> **EXERCISE DATA**
● ● ●

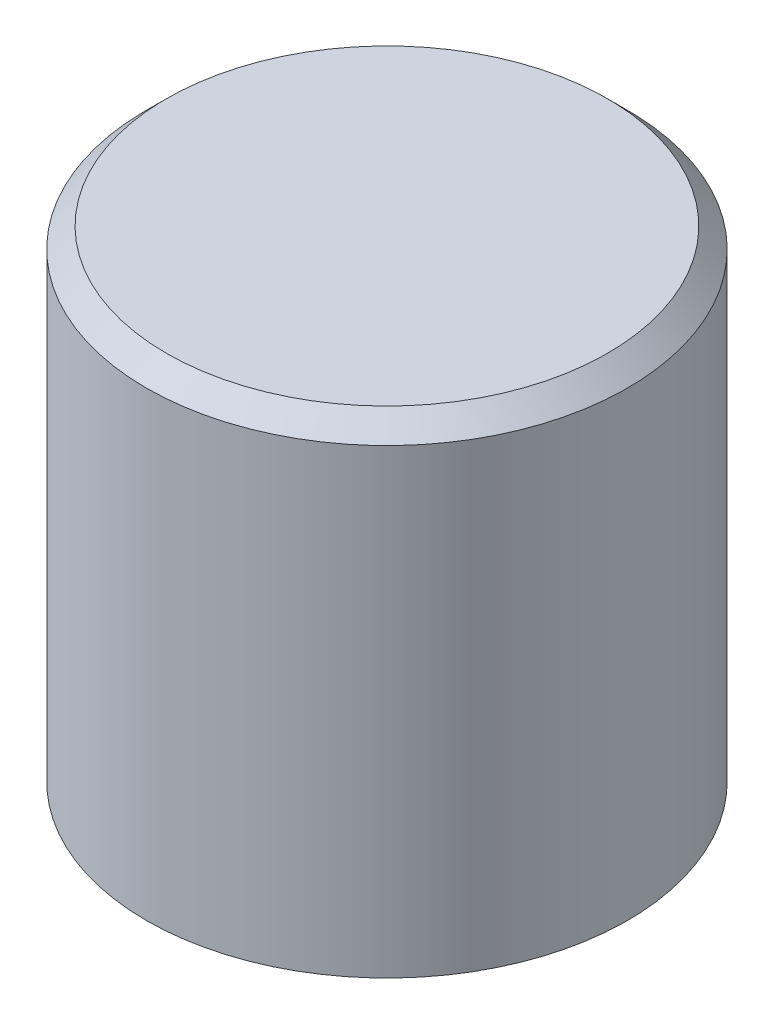
SolidWorks part; units mm, degrees
ref_plane "Front Plane" through (0, 0, 0) normal (0, 0, 1) x (1, 0, 0)
ref_plane "Top Plane" through (0, 0, 0) normal (0, 1, 0) x (1, 0, 0)
ref_plane "Right Plane" through (0, 0, 0) normal (1, 0, 0) x (0, 0, -1)
sketch "Sketch1" plane through (0, 0, 0) normal (0, 1, 0) x (1, 0, 0)
  circle A0 centre (0, 0) radius 6
  dimension "D1" = 12
extrude "Boss-Extrude1" add sketch "Sketch1" along normal blind 12
sketch "Sketch2" plane through (0, 0, 0) normal (0, 0, 1) x (1, 0, 0)
  line L0 (0, 0) -> (0, 8.5)
  line L1 (0, 8.5) -> (1.5, 8.5)
  line L2 (1.5, 8.5) -> (1.5, 4.1171)
  line L3 (1.5, 4.1171) -> (5, 3.5)
  line L4 (5, 3.5) -> (5, 0)
  line L6 (5, 0) -> (0, 0)
  line L7 (6, 0) -> (6, 12) construction
  line L8 (6, 0) -> (6, 12)
  line L9 (-6, 0) -> (6, 0) construction
  point P2 (0, 0)
  point P7 (0, 0)
  point P11 (0, 0)
  dimension "D1" = 1.5
  dimension "D2" = 8.5
  dimension "D3" = 3.5
  dimension "D4" = 80
  dimension "D5" = 5
revolve "Cut-Revolve1" cut sketch "Sketch2" angle 360 about L0
chamfer "Chamfer1" distance 0.1 angle 45 1 edges at (0, 4.1171, -1.5)
chamfer "Chamfer2" distance 0.5 angle 45 1 edges at (0, 12, 6)

● ● ●

> **TASK GOAL**
Transcribe the full listing exactly, but keep every image out of it.

> **ANSWER TO THE EXERCISE**
SolidWorks part; units mm, degrees
ref_plane "Front Plane" through (0, 0, 0) normal (0, 0, 1) x (1, 0, 0)
ref_plane "Top Plane" through (0, 0, 0) normal (0, 1, 0) x (1, 0, 0)
ref_plane "Right Plane" through (0, 0, 0) normal (1, 0, 0) x (0, 0, -1)
sketch "Sketch1" plane through (0, 0, 0) normal (0, 1, 0) x (1, 0, 0)
  circle A0 centre (0, 0) radius 6
  dimension "D1" = 12
extrude "Boss-Extrude1" add sketch "Sketch1" along normal blind 12
sketch "Sketch2" plane through (0, 0, 0) normal (0, 0, 1) x (1, 0, 0)
  line L0 (0, 0) -> (0, 8.5)
  line L1 (0, 8.5) -> (1.5, 8.5)
  line L2 (1.5, 8.5) -> (1.5, 4.1171)
  line L3 (1.5, 4.1171) -> (5, 3.5)
  line L4 (5, 3.5) -> (5, 0)
  line L6 (5, 0) -> (0, 0)
  line L7 (6, 0) -> (6, 12) construction
  line L8 (6, 0) -> (6, 12)
  line L9 (-6, 0) -> (6, 0) construction
  point P2 (0, 0)
  point P7 (0, 0)
  point P11 (0, 0)
  dimension "D1" = 1.5
  dimension "D2" = 8.5
  dimension "D3" = 3.5
  dimension "D4" = 80
  dimension "D5" = 5
revolve "Cut-Revolve1" cut sketch "Sketch2" angle 360 about L0
chamfer "Chamfer1" distance 0.1 angle 45 1 edges at (0, 4.1171, -1.5)
chamfer "Chamfer2" distance 0.5 angle 45 1 edges at (0, 12, 6)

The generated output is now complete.